EXERCISE DIRECTIONS »
Every line of the entries with the word "mechanical" in it should be shown.

INPUT »
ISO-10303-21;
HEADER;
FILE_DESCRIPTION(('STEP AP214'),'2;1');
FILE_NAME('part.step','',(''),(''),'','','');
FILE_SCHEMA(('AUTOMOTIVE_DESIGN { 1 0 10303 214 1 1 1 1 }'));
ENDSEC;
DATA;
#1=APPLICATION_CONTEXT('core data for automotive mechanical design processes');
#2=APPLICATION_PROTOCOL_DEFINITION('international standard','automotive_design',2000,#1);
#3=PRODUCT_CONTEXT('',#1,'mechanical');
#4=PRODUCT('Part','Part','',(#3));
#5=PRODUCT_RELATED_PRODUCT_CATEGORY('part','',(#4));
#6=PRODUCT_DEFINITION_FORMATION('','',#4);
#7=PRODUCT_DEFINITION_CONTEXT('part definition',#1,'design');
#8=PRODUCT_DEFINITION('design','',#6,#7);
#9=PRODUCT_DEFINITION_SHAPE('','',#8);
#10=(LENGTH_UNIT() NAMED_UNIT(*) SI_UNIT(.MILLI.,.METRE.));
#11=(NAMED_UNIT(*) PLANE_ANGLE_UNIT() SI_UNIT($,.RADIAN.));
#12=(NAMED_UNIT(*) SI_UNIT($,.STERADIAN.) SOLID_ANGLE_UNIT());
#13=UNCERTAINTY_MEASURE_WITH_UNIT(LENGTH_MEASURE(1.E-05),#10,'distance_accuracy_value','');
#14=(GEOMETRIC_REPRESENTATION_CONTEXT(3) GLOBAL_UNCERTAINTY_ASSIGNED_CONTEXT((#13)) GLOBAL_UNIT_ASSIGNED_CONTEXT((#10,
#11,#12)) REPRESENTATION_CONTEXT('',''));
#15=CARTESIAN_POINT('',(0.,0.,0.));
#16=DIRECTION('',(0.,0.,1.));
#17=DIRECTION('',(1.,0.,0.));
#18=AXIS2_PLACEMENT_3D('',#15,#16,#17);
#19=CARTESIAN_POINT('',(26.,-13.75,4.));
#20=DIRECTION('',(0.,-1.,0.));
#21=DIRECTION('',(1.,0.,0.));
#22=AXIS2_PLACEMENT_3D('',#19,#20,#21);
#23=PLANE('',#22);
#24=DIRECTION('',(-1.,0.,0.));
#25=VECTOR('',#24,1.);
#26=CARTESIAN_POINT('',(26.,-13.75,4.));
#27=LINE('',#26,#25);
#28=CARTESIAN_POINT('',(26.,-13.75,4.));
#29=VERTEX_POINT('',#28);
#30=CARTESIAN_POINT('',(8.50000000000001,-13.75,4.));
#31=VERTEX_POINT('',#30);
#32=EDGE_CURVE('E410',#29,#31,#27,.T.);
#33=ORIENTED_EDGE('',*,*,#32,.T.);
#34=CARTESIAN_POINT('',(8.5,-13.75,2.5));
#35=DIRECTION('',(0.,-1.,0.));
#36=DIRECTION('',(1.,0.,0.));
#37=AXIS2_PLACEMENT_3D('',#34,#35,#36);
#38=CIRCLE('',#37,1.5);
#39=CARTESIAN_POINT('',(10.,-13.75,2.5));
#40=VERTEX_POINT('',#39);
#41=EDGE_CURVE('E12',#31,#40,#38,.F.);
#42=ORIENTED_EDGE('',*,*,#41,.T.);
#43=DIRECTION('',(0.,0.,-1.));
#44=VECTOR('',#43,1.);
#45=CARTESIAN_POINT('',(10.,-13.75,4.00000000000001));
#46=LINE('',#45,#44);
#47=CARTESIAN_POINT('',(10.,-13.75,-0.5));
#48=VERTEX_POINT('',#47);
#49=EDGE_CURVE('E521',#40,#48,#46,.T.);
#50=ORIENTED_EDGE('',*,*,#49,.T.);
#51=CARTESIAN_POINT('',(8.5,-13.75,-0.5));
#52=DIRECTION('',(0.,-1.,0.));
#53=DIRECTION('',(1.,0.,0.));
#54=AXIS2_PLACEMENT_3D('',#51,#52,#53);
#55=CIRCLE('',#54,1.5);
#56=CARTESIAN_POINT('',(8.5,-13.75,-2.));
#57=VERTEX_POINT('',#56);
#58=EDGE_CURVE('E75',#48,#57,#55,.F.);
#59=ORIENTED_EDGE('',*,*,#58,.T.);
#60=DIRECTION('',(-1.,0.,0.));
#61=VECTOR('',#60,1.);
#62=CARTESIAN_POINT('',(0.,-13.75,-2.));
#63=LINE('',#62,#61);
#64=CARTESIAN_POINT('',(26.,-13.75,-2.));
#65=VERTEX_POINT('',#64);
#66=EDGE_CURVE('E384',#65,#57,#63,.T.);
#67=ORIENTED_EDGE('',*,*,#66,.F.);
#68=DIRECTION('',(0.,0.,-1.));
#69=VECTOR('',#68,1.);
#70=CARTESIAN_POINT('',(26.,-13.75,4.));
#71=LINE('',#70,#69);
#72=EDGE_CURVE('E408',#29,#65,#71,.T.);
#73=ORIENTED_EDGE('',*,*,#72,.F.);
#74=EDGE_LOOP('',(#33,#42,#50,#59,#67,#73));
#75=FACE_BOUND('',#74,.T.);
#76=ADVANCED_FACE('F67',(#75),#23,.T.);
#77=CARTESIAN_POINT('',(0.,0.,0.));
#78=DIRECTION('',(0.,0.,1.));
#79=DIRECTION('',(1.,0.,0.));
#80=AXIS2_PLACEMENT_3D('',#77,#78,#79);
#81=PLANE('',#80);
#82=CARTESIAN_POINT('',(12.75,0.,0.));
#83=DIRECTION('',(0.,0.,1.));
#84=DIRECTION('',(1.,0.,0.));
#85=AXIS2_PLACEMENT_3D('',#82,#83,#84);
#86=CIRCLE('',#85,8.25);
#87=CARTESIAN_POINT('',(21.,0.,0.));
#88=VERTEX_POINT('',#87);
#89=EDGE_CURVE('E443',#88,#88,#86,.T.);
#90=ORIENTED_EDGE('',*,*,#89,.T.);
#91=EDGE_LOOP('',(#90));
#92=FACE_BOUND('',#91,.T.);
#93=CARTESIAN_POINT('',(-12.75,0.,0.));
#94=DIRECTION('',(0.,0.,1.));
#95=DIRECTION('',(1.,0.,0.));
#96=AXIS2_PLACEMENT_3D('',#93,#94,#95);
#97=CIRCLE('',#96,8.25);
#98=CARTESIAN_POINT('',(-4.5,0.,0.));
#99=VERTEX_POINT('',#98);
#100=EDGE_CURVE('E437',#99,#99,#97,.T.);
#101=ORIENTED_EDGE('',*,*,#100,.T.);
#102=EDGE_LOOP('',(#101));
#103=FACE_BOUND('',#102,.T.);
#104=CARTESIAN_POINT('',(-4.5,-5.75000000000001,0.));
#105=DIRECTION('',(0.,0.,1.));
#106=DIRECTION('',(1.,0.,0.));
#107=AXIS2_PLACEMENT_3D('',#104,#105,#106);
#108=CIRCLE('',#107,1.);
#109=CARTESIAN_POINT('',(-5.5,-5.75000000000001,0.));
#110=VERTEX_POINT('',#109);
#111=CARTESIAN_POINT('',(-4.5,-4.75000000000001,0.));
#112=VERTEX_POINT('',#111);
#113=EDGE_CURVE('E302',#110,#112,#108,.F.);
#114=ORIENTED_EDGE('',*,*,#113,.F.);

RESULT FOR THIS TASK »
#1=APPLICATION_CONTEXT('core data for automotive mechanical design processes');
#3=PRODUCT_CONTEXT('',#1,'mechanical');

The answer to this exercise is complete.